(Extracted records)
::::::::

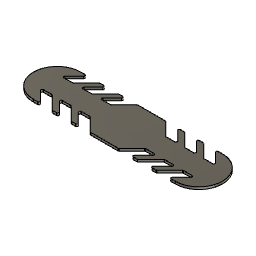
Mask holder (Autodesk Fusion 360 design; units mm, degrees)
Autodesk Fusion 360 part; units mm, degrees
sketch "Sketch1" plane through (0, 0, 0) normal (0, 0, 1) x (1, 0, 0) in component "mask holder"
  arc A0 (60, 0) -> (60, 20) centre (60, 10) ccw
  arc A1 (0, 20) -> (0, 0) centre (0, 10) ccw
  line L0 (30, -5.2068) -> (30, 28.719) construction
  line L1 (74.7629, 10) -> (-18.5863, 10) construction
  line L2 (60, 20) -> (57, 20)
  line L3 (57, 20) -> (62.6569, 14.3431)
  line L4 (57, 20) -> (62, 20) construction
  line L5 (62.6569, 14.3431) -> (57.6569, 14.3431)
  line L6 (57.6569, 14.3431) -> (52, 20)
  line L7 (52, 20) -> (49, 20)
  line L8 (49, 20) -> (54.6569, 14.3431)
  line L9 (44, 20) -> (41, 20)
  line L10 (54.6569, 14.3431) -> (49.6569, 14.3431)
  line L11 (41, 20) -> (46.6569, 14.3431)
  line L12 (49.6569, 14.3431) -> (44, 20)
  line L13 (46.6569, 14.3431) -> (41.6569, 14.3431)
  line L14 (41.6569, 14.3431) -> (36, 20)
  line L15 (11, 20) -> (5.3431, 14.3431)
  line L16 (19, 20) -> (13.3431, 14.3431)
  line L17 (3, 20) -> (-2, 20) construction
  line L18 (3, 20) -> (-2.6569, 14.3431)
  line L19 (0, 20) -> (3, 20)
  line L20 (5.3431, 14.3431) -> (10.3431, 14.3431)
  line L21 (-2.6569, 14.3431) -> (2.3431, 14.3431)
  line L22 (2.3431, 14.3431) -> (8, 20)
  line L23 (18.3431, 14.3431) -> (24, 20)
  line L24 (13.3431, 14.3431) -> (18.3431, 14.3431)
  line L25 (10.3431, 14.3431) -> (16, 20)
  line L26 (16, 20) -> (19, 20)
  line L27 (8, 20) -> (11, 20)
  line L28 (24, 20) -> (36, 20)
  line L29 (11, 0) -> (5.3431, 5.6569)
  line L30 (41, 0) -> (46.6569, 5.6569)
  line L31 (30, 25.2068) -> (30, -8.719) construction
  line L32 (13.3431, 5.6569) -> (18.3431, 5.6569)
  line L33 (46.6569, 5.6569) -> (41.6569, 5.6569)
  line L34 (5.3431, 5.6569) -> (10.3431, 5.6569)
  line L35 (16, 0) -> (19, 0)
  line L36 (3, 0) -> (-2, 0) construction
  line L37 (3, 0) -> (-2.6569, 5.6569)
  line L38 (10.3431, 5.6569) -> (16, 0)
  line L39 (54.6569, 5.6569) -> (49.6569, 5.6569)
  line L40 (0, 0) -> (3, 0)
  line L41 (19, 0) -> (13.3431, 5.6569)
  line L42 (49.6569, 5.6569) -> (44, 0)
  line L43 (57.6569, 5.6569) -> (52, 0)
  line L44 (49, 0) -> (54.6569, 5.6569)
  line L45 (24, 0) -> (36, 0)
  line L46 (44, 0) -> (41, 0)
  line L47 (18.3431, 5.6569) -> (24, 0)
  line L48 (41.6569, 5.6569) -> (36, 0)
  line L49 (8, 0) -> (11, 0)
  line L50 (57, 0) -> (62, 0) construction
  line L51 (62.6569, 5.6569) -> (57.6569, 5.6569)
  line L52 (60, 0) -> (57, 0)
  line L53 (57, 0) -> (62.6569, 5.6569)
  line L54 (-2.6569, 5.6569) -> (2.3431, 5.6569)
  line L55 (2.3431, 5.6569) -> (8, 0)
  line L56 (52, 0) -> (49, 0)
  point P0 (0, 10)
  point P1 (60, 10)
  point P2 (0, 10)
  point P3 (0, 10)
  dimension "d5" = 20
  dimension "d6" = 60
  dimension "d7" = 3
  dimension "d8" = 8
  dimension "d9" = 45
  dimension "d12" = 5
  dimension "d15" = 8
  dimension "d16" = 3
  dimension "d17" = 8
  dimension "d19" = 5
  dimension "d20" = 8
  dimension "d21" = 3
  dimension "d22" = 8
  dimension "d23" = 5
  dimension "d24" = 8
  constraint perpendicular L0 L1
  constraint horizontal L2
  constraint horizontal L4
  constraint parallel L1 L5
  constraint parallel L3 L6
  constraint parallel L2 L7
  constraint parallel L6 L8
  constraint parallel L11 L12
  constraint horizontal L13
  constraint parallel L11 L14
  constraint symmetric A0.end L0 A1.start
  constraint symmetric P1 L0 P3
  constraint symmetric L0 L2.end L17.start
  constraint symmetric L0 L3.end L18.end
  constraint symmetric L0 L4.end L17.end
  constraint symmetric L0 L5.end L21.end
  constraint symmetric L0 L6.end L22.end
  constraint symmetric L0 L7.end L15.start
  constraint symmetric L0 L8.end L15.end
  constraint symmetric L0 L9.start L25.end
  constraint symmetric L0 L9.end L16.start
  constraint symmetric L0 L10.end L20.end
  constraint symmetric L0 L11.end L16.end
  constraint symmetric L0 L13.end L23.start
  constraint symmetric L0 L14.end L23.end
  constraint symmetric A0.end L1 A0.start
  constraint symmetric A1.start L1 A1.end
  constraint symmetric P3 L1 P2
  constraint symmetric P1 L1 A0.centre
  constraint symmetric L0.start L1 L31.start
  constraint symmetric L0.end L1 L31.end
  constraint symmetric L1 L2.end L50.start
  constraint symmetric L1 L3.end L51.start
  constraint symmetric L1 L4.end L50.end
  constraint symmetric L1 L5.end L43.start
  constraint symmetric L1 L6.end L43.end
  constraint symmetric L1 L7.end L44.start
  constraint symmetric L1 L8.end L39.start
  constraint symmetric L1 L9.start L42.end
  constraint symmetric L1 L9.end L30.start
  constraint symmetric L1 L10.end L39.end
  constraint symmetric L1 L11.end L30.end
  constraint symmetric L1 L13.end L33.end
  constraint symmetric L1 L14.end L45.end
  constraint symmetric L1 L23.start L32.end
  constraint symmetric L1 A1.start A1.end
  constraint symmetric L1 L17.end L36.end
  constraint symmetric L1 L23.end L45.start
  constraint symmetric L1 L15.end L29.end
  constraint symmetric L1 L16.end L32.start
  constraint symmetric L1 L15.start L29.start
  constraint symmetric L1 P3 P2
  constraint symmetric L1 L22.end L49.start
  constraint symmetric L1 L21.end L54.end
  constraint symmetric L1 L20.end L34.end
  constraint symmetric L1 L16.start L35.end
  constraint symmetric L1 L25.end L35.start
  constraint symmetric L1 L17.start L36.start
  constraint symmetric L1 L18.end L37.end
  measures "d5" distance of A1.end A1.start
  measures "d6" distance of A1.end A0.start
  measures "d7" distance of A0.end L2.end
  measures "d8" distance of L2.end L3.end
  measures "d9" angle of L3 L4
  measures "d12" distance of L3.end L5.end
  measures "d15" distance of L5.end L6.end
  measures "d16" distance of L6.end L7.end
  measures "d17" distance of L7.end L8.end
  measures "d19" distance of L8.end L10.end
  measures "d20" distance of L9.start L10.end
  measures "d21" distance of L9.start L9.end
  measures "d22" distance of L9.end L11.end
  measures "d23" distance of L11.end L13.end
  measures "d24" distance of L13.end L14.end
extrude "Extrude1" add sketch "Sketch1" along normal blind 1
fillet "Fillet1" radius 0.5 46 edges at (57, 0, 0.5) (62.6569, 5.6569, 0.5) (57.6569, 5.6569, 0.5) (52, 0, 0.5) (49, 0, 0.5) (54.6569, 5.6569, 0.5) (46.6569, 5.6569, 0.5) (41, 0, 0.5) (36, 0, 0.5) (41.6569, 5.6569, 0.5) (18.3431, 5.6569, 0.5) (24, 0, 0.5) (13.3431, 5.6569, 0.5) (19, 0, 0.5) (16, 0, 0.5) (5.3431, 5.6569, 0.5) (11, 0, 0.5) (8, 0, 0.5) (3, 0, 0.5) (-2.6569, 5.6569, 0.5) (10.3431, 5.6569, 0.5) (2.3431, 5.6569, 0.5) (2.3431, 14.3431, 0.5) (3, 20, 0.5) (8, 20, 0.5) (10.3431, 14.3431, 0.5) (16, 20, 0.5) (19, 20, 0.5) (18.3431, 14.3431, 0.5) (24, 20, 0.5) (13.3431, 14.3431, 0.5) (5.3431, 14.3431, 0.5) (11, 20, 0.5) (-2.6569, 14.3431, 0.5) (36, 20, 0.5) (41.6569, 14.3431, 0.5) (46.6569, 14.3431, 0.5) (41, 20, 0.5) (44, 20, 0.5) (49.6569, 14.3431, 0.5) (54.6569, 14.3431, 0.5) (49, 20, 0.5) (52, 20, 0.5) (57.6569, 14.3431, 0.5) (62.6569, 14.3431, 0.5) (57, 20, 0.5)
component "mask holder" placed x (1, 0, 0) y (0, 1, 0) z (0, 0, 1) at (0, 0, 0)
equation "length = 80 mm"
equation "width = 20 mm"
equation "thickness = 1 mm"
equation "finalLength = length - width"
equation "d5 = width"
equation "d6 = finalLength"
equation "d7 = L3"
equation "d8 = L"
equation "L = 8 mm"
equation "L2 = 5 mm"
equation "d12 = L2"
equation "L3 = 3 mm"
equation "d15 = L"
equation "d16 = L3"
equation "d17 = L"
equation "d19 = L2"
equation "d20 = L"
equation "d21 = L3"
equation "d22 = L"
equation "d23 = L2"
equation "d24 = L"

::::::::

> [Exercise prompt]
Treating the line with "arc A0 (60, 0)" as the last line to include, retype the records exactly from their first line, excluding pictures.

> [Response below]
Mask holder (Autodesk Fusion 360 design; units mm, degrees)
Autodesk Fusion 360 part; units mm, degrees
sketch "Sketch1" plane through (0, 0, 0) normal (0, 0, 1) x (1, 0, 0) in component "mask holder"
  arc A0 (60, 0) -> (60, 20) centre (60, 10) ccw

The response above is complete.